Saved data entries
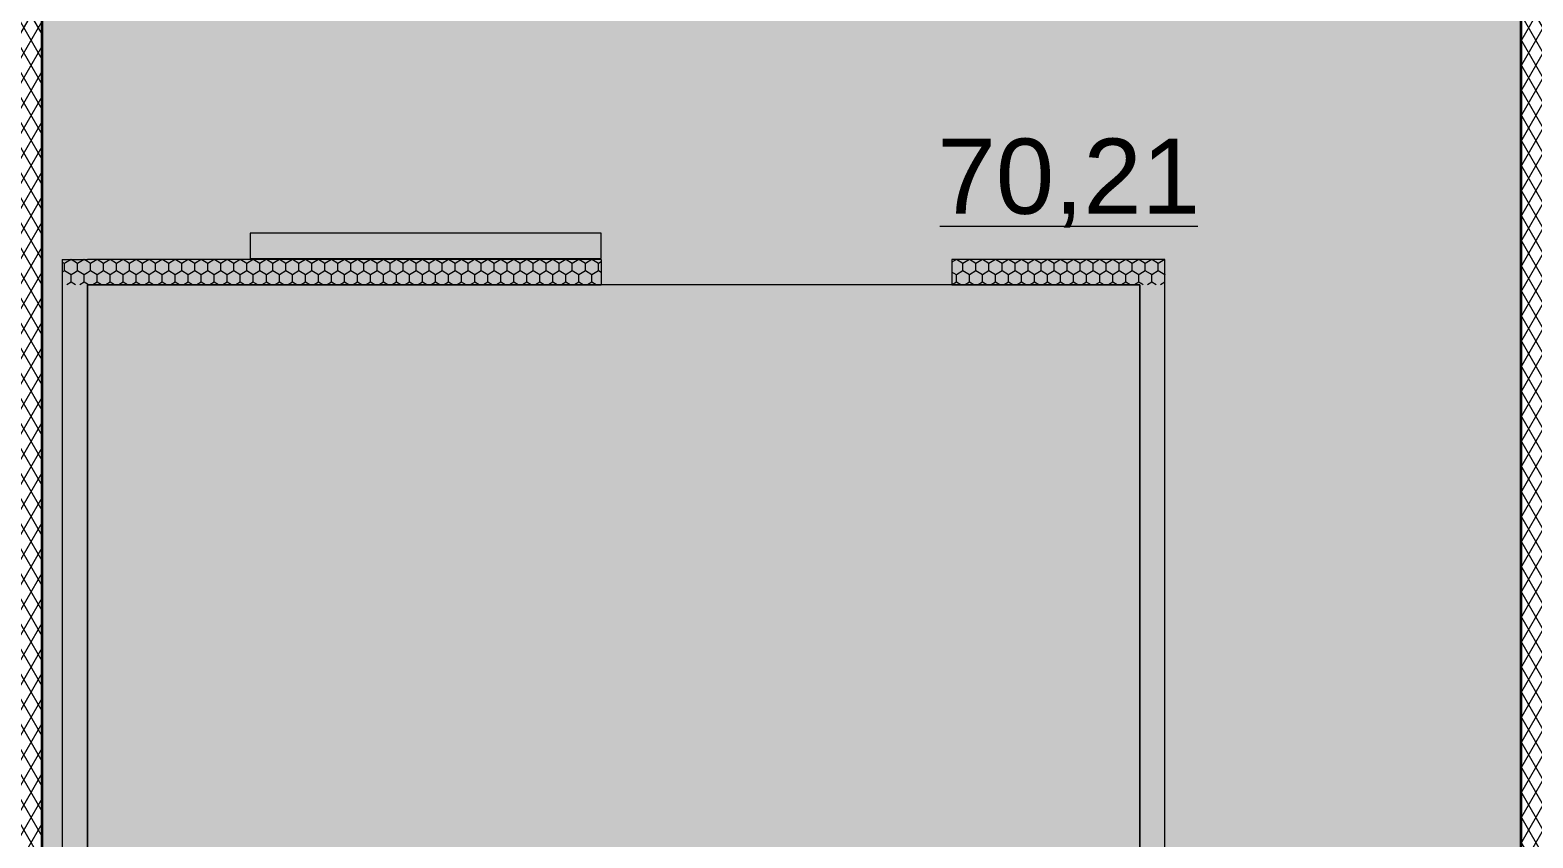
# Model space of a CAD drawing. Header units: millimetres. Extents: x -10605 to 104127, y -15987 to 52426.
# Drawn here: x 34001 to 39999, y 34818 to 38041 of the extents above; entities that cross this region are included whole.
import ezdxf
from ezdxf.enums import TextEntityAlignment as Align

# ---------------------------------------------------------------- set-up
doc = ezdxf.new("R2010")
doc.units = ezdxf.units.MM
doc.header["$MEASUREMENT"] = 0
doc.linetypes.add('Штриховая', pattern=[300, 200, -100])
for name, color, linetype in [('Двери Archicad', 7, 'Continuous'), ('Зоны', 7, 'Continuous'), ('Зоны морозильные камеры', 7, 'Continuous'), ('Морозильные камеры', 7, 'Continuous'), ('Стены', 7, 'Continuous')]:
    doc.layers.add(name, color=color, linetype=linetype)
for name, color, linetype, lineweight in [('Двери Archicad_Ном._пера__3', 7, 'Continuous', 0), ('Зоны морозильные камеры_Ном._пера__100', 7, 'Continuous', 9), ('Зоны_Ном._пера__91', 255, 'Continuous', 0), ('Паспорта Зон Archicad_Ном._пера__100', 7, 'Continuous', 9), ('Стены _Ном._пера__97', 7, 'Continuous', 35)]:
    doc.layers.add(name, color=color, linetype=linetype, lineweight=lineweight)
for name, color, linetype, lineweight, true_color in [('Двери Archicad_Ном._пера__6', 7, 'Continuous', 13, 0xc23fa3ff), ('Зоны морозильные камеры_Ном._пера__6', 7, 'Continuous', 13, 0xc23fa3ff), ('Морозильные камеры_Ном._пера__6', 7, 'Continuous', 13, 0xc23fa3ff)]:
    doc.layers.add(name, color=color, linetype=linetype, lineweight=lineweight, true_color=true_color)
doc.styles.add('РЎР“Р•РќР•Р\xa0РР\xa0_РЎРўРР›Р¬_1', font='arial.ttf')
pattern_1 = [(90, (0, 0), (-51.961524, 0), [30, -60]), (90, (-25.98, 45), (-51.961524, 0), [30, -60]), (150, (-1e-14, 30), (25.98076, 45), [30, -60]), (150, (-51.96, 30), (25.98076, 45), [30, -60]), (210, (0, 0), (-25.98076, 45), [30, -60]), (210, (-51.96, -2e-14), (-25.98076, 45), [30, -60])]
pattern_2 = [(60, (0, 0), (-43.30127, 25), []), (120, (0, 0), (43.30127, 25), [])]

# ---------------------------------------------------------------- blocks, each defined once
blk = doc.blocks.new('Разгрузочный тамбур_13_27', base_point=(38375.2, 38769.6))
at = {"layer": 'Зоны', "linetype": 'Continuous', "lineweight": 0, "true_color": 0x3f3f3f}
blk.add_hatch(color=250, dxfattribs=at).paths.add_polyline_path([(34050, 28225), (34129.9, 28225), (38530, 28225), (39950, 28225), (39950, 40125), (34050, 40125)])
at = {"layer": 'Паспорта Зон Archicad_Ном._пера__100', "color": 7, "linetype": 'Continuous', "lineweight": 9}
blk.add_line((37631.6, 37258.3), (38661.2, 37258.3), dxfattribs=at)
at = {"layer": 'Паспорта Зон Archicad_Ном._пера__100', "color": 7, "lineweight": 9, "style": 'РЎР“Р•РќР•Р\xa0РР\xa0_РЎРўРР›Р¬_1'}
for tag, p in [('ROOM_NUMBER', (37563.3, 38611.7)), ('ROOM_AREA', (38146.4, 37457.8))]:
    blk.add_attdef(tag, text='', height=300, dxfattribs=at).set_placement(p, align=Align.MIDDLE_CENTER)
blk = doc.blocks.new('Морозильная камера №3_№3_81', base_point=(36258.1, 33075))
at = {"layer": 'Зоны морозильные камеры_Ном._пера__6', "linetype": 'Continuous', "lineweight": 0, "true_color": 0x0f283f}
for points in [[(36229.9, 37025), (37729.9, 37025), (37729.9, 37125), (36229.9, 37125)], [(38430, 37025), (34229.9, 37025), (34229.9, 28325), (38430, 28325)]]:
    blk.add_hatch(color=158, dxfattribs=at).paths.add_polyline_path(points)
at = {"layer": 'Зоны морозильные камеры_Ном._пера__100', "color": 7, "linetype": 'Штриховая', "lineweight": 9, "flags": 128}
blk.add_lwpolyline([(38430, 37025), (34229.9, 37025), (34229.9, 28325), (38430, 28325)], close=True, dxfattribs=at)
at = {"layer": 'Паспорта Зон Archicad_Ном._пера__100', "color": 7, "lineweight": 9, "style": 'РЎР“Р•РќР•Р\xa0РР\xa0_РЎРўРР›Р¬_1'}
for tag, p in [('DUMMY_112', (37313.9, 33250.8)), ('ROOM_NUMBER', (36074.5, 32705.4)), ('ROOM_AREA', (37876.5, 28697.6))]:
    blk.add_attdef(tag, text='', height=300, dxfattribs=at).set_placement(p, align=Align.MIDDLE_CENTER)
blk = doc.blocks.new('Стена_104', base_point=(38530, 37125))
at = {"layer": 'Морозильные камеры', "linetype": 'Continuous', "lineweight": 0, "true_color": 0x000000}
h = blk.add_hatch(dxfattribs=at)
h.set_pattern_fill('Styrofoam_SM_Insulation__3_', color=18, style=0, pattern_type=2)
h.set_pattern_definition(pattern_1)
h.paths.add_polyline_path([(38430, 37125), (38430, 37025), (38530, 37125)])
h = blk.add_hatch(dxfattribs=at)
h.set_pattern_fill('Styrofoam_SM_Insulation__3_', color=18, style=0, pattern_type=2)
h.set_pattern_definition(pattern_1)
h.paths.add_polyline_path([(38430, 37025), (38530, 37025), (38530, 37125)])
h = blk.add_hatch(dxfattribs=at)
h.set_pattern_fill('Styrofoam_SM_Insulation__3_', color=18, style=0, pattern_type=2)
h.set_pattern_definition(pattern_1)
h.paths.add_polyline_path([(38430, 37025), (38430, 28235), (38530, 28235), (38530, 37025)])
at = {"layer": 'Морозильные камеры_Ном._пера__6', "color": 161, "linetype": 'Continuous', "lineweight": 13, "true_color": 0x3fa3ff, "flags": 128}
for points in [[(38530, 37125), (38430, 37125)], [(38530, 28235), (38530, 37125)], [(38430, 37025), (38430, 28235)]]:
    blk.add_lwpolyline(points, dxfattribs=at)
blk = doc.blocks.new('Стена_105', base_point=(34129.9, 28225))
at = {"layer": 'Морозильные камеры', "linetype": 'Continuous', "lineweight": 0, "true_color": 0x000000}
h = blk.add_hatch(dxfattribs=at)
h.set_pattern_fill('Styrofoam_SM_Insulation__3_', color=18, style=0, pattern_type=2)
h.set_pattern_definition(pattern_1)
h.paths.add_polyline_path([(34129.9, 37125), (34229.9, 37025), (34229.9, 37125)])
h = blk.add_hatch(dxfattribs=at)
h.set_pattern_fill('Styrofoam_SM_Insulation__3_', color=18, style=0, pattern_type=2)
h.set_pattern_definition(pattern_1)
h.paths.add_polyline_path([(34129.9, 37025), (34229.9, 37025), (34129.9, 37125)])
h = blk.add_hatch(dxfattribs=at)
h.set_pattern_fill('Styrofoam_SM_Insulation__3_', color=18, style=0, pattern_type=2)
h.set_pattern_definition(pattern_1)
h.paths.add_polyline_path([(34129.9, 37025), (34129.9, 28235), (34229.9, 28235), (34229.9, 37025)])
at = {"layer": 'Морозильные камеры_Ном._пера__6', "color": 161, "linetype": 'Continuous', "lineweight": 13, "true_color": 0x3fa3ff, "flags": 128}
for points in [[(34129.9, 37125), (34229.9, 37125)], [(34129.9, 37125), (34129.9, 28235)], [(34229.9, 28235), (34229.9, 37025)]]:
    blk.add_lwpolyline(points, dxfattribs=at)
blk = doc.blocks.new('Наружная Раздвижная Дверь 27')
at = {"layer": 'Двери Archicad_Ном._пера__3', "color": 7, "linetype": 'Continuous', "lineweight": 0}
for p, q in [((700, 105), (2100, 105)), ((700, 5), (700, 105)), ((2100, 105), (2100, 5)), ((2100, 5), (700, 5))]:
    blk.add_line(p, q, dxfattribs=at)
at = {"layer": 'Двери Archicad_Ном._пера__6', "color": 161, "linetype": 'Continuous', "lineweight": 13, "true_color": 0x3fa3ff}
for p, q in [((-700, 0), (-700, -100)), ((700, 0), (700, -100))]:
    blk.add_line(p, q, dxfattribs=at)
blk = doc.blocks.new('Стена_270', base_point=(34129.9, 37125))
at = {"layer": 'Морозильные камеры', "linetype": 'Continuous', "lineweight": 0, "true_color": 0x000000}
h = blk.add_hatch(dxfattribs=at)
h.set_pattern_fill('Styrofoam_SM_Insulation__3_', color=18, style=0, pattern_type=2)
h.set_pattern_definition(pattern_1)
h.paths.add_polyline_path([(34229.9, 37125), (34229.9, 37025), (36279.9, 37025), (36279.9, 37125)])
h = blk.add_hatch(dxfattribs=at)
h.set_pattern_fill('Styrofoam_SM_Insulation__3_', color=18, style=0, pattern_type=2)
h.set_pattern_definition(pattern_1)
h.paths.add_polyline_path([(38430, 37125), (37679.9, 37125), (37679.9, 37025), (38430, 37025)])
at = {"layer": 'Морозильные камеры_Ном._пера__6', "color": 161, "linetype": 'Continuous', "lineweight": 13, "true_color": 0x3fa3ff}
for p, q in [((36279.9, 37125), (36279.9, 37025)), ((37679.9, 37125), (37679.9, 37025))]:
    blk.add_line(p, q, dxfattribs=at)
at = {"layer": 'Морозильные камеры_Ном._пера__6', "color": 161, "linetype": 'Continuous', "lineweight": 13, "true_color": 0x3fa3ff, "flags": 128}
for points in [[(36279.9, 37125), (34229.9, 37125)], [(38430, 37125), (37679.9, 37125)], [(34229.9, 37025), (36279.9, 37025)], [(37679.9, 37025), (38430, 37025)]]:
    blk.add_lwpolyline(points, dxfattribs=at)
at = {"layer": 'Двери Archicad', "color": 7, "linetype": 'Continuous', "lineweight": 50, "xscale": -1, "zscale": 1000}
blk.add_blockref('Наружная Раздвижная Дверь 27', (36979.9, 37125), dxfattribs=at)
blk = doc.blocks.new('Стена_364', base_point=(40000, 34125))
at = {"layer": 'Стены', "linetype": 'Continuous', "lineweight": 0, "true_color": 0x000000}
h = blk.add_hatch(dxfattribs=at)
h.set_pattern_fill('Batt_Insulation__3_', color=18, style=0, pattern_type=2)
h.set_pattern_definition(pattern_2)
h.paths.add_polyline_path([(40050, 34125), (40050, 39875), (39950, 39875), (39950, 34125)])
at = {"layer": 'Стены _Ном._пера__97', "color": 7, "linetype": 'Continuous', "lineweight": 35, "flags": 128}
for points in [[(40050, 39875), (39950, 39875)], [(39950, 39875), (39950, 34125)], [(40050, 34125), (40050, 39875)], [(39950, 34125), (40050, 34125)]]:
    blk.add_lwpolyline(points, dxfattribs=at)
blk = doc.blocks.new('Стена_365', base_point=(34000, 34125))
at = {"layer": 'Стены', "linetype": 'Continuous', "lineweight": 0, "true_color": 0x000000}
h = blk.add_hatch(dxfattribs=at)
h.set_pattern_fill('Batt_Insulation__3_', color=18, style=0, pattern_type=2)
h.set_pattern_definition(pattern_2)
h.paths.add_polyline_path([(34050, 34125), (34050, 39875), (33950, 39875), (33950, 34125)])
at = {"layer": 'Стены _Ном._пера__97', "color": 7, "linetype": 'Continuous', "lineweight": 35, "flags": 128}
for points in [[(34050, 39875), (33950, 39875)], [(33950, 39875), (33950, 34125)], [(34050, 34125), (34050, 39875)], [(33950, 34125), (34050, 34125)]]:
    blk.add_lwpolyline(points, dxfattribs=at)

msp = doc.modelspace()

# ---------------------------------------------------------------- linework, layer by layer
at = {"layer": 'Зоны морозильные камеры_Ном._пера__6', "color": 161, "linetype": 'Continuous', "lineweight": 13, "true_color": 0x3fa3ff, "flags": 128}
msp.add_lwpolyline([(38430, 37025.00012), (34229.94333, 37025.00012), (34229.94333, 28325.00012), (38430, 28325.00012)], close=True, dxfattribs=at)
at = {"layer": 'Зоны_Ном._пера__91', "color": 255, "linetype": 'Continuous', "lineweight": 0, "flags": 128}
msp.add_lwpolyline([(34050.0002, 28225.00005), (34129.94335, 28225.00005), (38529.99998, 28225.00005), (39950.00019, 28225.00005), (39950.00019, 40125.00012), (34050.0002, 40125.00012)], close=True, dxfattribs=at)

# ---------------------------------------------------------------- block references
at = {"layer": 'Зоны', "color": 7, "linetype": 'Continuous', "lineweight": 9}
ref = msp.add_blockref('Разгрузочный тамбур_13_27', (38375.15297, 38769.61505), dxfattribs=at)
ref.add_attrib('ROOM_AREA', '70,21', dxfattribs={"layer": 'Паспорта Зон Archicad_Ном._пера__100', "color": 7, "lineweight": 9, "height": 300, "style": 'РЎР“Р•РќР•Р\xa0РР\xa0_РЎРўРР›Р¬_1'}).set_placement((38146.41939, 37457.75342), align=Align.MIDDLE_CENTER)
at = {"layer": 'Зоны морозильные камеры', "color": 7, "linetype": 'Continuous', "lineweight": 9}
msp.add_blockref('Морозильная камера №3_№3_81', (36258.14475, 33075.01501), dxfattribs=at)
at = {"layer": 'Морозильные камеры', "color": 161, "lineweight": 13, "true_color": 0x3fa3ff}
for name, p in [('Стена_270', (34129.94333, 37125.00012)), ('Стена_105', (34129.94333, 28225.00005)), ('Стена_104', (38530, 37125.00012))]:
    msp.add_blockref(name, p, dxfattribs=at)
at = {"layer": 'Стены', "color": 7, "lineweight": 35}
for name, p in [('Стена_365', (34000.00006, 34124.99222)), ('Стена_364', (40000.00006, 34124.99222))]:
    msp.add_blockref(name, p, dxfattribs=at)

doc.saveas('drawing.dxf')

| Assigned task |
Find the line with "doc.units = ezdxf.units.MM" in the entries above. Retype it and each line after it, exactly, through the line with "for name, color, linetype in", and stop there.

| Exercise output |
doc.units = ezdxf.units.MM
doc.header["$MEASUREMENT"] = 0
doc.linetypes.add('Штриховая', pattern=[300, 200, -100])
for name, color, linetype in [('Двери Archicad', 7, 'Continuous'), ('Зоны', 7, 'Continuous'), ('Зоны морозильные камеры', 7, 'Continuous'), ('Морозильные камеры', 7, 'Continuous'), ('Стены', 7, 'Continuous')]:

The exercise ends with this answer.